Petty Officer 3rd Class Yasmin Downs poses for a photo on the flight deck aboard the aircraft carrier USS Harry S. Truman in the Atlantic Ocean, Saturday, April 14, 2018. (TOMMY GOOLEY/U.S. NAVY)

The most powerful carrier strike group to operate in the Middle East in years is pounding the Islamic State group in Syria, where it is still seen as a serious threat to the region.

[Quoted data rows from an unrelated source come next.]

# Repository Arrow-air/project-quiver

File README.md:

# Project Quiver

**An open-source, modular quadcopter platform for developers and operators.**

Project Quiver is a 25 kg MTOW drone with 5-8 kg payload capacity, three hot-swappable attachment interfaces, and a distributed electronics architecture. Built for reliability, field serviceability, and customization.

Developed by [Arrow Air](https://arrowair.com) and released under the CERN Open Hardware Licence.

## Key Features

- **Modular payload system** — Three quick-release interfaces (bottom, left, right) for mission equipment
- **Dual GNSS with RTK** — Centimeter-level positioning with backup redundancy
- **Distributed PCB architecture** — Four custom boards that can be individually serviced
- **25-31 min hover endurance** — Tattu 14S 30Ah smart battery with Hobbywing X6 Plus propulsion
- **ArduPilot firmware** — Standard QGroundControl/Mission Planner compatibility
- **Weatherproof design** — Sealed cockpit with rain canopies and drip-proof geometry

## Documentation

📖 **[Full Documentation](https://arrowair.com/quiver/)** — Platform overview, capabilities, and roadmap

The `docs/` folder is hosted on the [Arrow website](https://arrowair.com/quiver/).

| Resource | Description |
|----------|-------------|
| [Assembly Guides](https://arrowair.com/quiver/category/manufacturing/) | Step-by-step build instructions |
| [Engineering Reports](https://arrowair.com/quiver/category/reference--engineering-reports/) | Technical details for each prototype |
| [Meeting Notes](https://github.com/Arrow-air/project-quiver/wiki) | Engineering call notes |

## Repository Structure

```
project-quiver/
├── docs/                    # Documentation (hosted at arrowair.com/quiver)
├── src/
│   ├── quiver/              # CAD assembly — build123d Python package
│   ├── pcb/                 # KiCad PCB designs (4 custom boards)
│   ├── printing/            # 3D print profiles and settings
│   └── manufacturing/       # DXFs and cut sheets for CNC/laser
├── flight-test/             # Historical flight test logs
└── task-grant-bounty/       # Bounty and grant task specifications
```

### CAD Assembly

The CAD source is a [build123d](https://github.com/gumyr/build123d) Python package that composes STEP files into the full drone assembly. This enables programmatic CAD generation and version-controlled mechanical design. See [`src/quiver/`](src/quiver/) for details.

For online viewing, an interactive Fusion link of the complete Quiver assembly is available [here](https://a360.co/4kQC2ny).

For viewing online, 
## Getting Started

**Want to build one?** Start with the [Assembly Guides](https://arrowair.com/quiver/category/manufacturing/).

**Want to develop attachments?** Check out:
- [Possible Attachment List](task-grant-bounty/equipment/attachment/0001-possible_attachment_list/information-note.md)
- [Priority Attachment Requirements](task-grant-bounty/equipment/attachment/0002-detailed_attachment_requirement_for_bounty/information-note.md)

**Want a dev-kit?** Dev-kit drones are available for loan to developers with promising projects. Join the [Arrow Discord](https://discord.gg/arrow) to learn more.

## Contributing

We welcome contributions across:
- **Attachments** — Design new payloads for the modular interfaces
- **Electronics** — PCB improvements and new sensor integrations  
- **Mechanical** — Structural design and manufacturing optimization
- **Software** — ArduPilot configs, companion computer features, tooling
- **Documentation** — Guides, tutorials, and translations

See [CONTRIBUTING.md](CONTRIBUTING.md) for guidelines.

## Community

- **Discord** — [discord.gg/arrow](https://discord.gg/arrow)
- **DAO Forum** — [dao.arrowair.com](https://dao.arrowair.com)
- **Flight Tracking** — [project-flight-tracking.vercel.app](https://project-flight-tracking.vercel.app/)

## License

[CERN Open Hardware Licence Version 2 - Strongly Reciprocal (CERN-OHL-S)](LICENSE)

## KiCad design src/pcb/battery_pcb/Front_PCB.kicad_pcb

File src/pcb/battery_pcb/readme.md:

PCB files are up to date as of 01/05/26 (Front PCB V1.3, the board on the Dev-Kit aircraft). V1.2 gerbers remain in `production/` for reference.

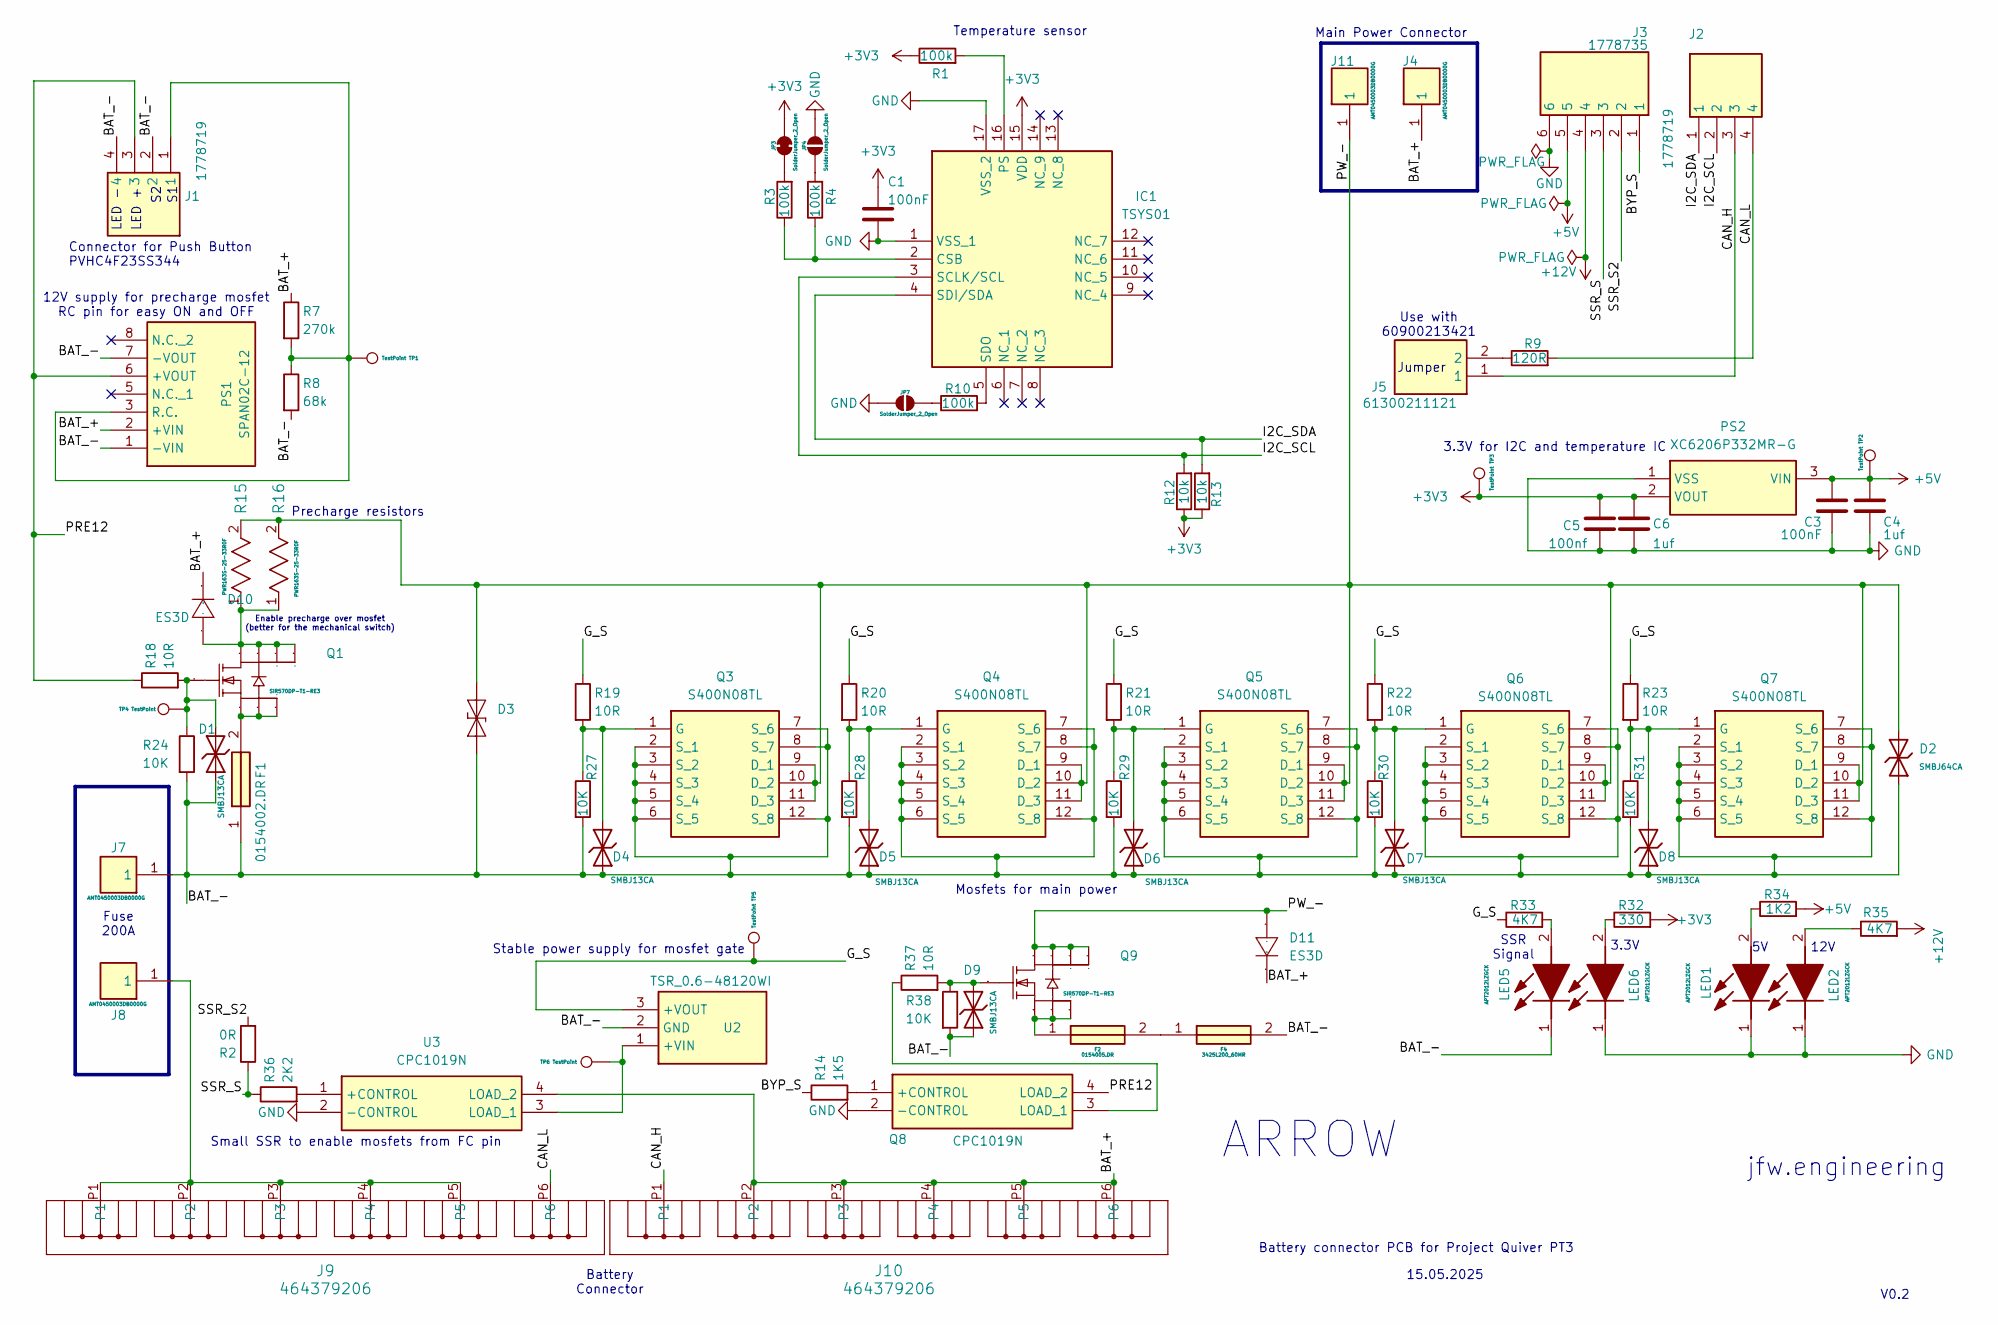
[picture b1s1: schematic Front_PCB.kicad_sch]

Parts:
C1, C3: 100nF; C_0805_2012Metric_Pad1.18x1.45mm_HandSolder
C4, C6: 1uf; C_0805_2012Metric_Pad1.18x1.45mm_HandSolder
C5: 100nf; C_0805_2012Metric_Pad1.18x1.45mm_HandSolder
D1, D4, D5, D6, D7, D8, D9: SMBJ13CA; D_SMB; Part SMBJ13CA; LCSC C19077568
D2: SMBJ64CA; D_SMB; Breakdown Voltage 78.6V; Part SMBJ64CA; LCSC C41376099
D3: SMC_L6.9-W5.9-LS7.9-BI; Manufacturer Part SMCJ75CA/TR13; LCSC Part Name SMCJ75CA/TR13
D10, D11: ES3D; D_SMC(DO-214AB); Manufacturer Part ES3D; LCSC Part Name ES3D
F1: 0154002.DR; 0154002DR; Mouser Part Number 576-0154002.DR
F2: 0154005.DR; 0154005DR; Mouser Part Number 576-0154005.DR
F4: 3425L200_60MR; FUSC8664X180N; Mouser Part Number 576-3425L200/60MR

The aircraft carrier USS Harry S. Truman has been launching around-the-clock sorties this week from its location in the eastern Mediterranean to bomb remaining ISIS militants, who are confined mostly to two small pockets of the Middle Euphrates River Valley, comprising about 2 percent of the territory in Syria and Iraq that they once occupied.

Although ISIS has been severely depleted, the Navy has deployed one of the largest strike groups in the region since Desert Storm to deal with the remnants.

“This is the biggest one that’s sailed from the East Coast for quite some time,” Rear Adm. Gene Black, carrier strike group commander, said Tuesday. “It’s a pretty potent force with lots of capabilities the Navy can put to sea.”

The strike group includes the destroyers USS Farragut, USS Forrest Sherman, USS Bulkeley and USS Arleigh Burke, along with the missile cruiser USS Normandy and several aviation and support squadrons. A German frigate is also part of the force, and the destroyers USS Jason Dunham and USS The Sullivans will join later.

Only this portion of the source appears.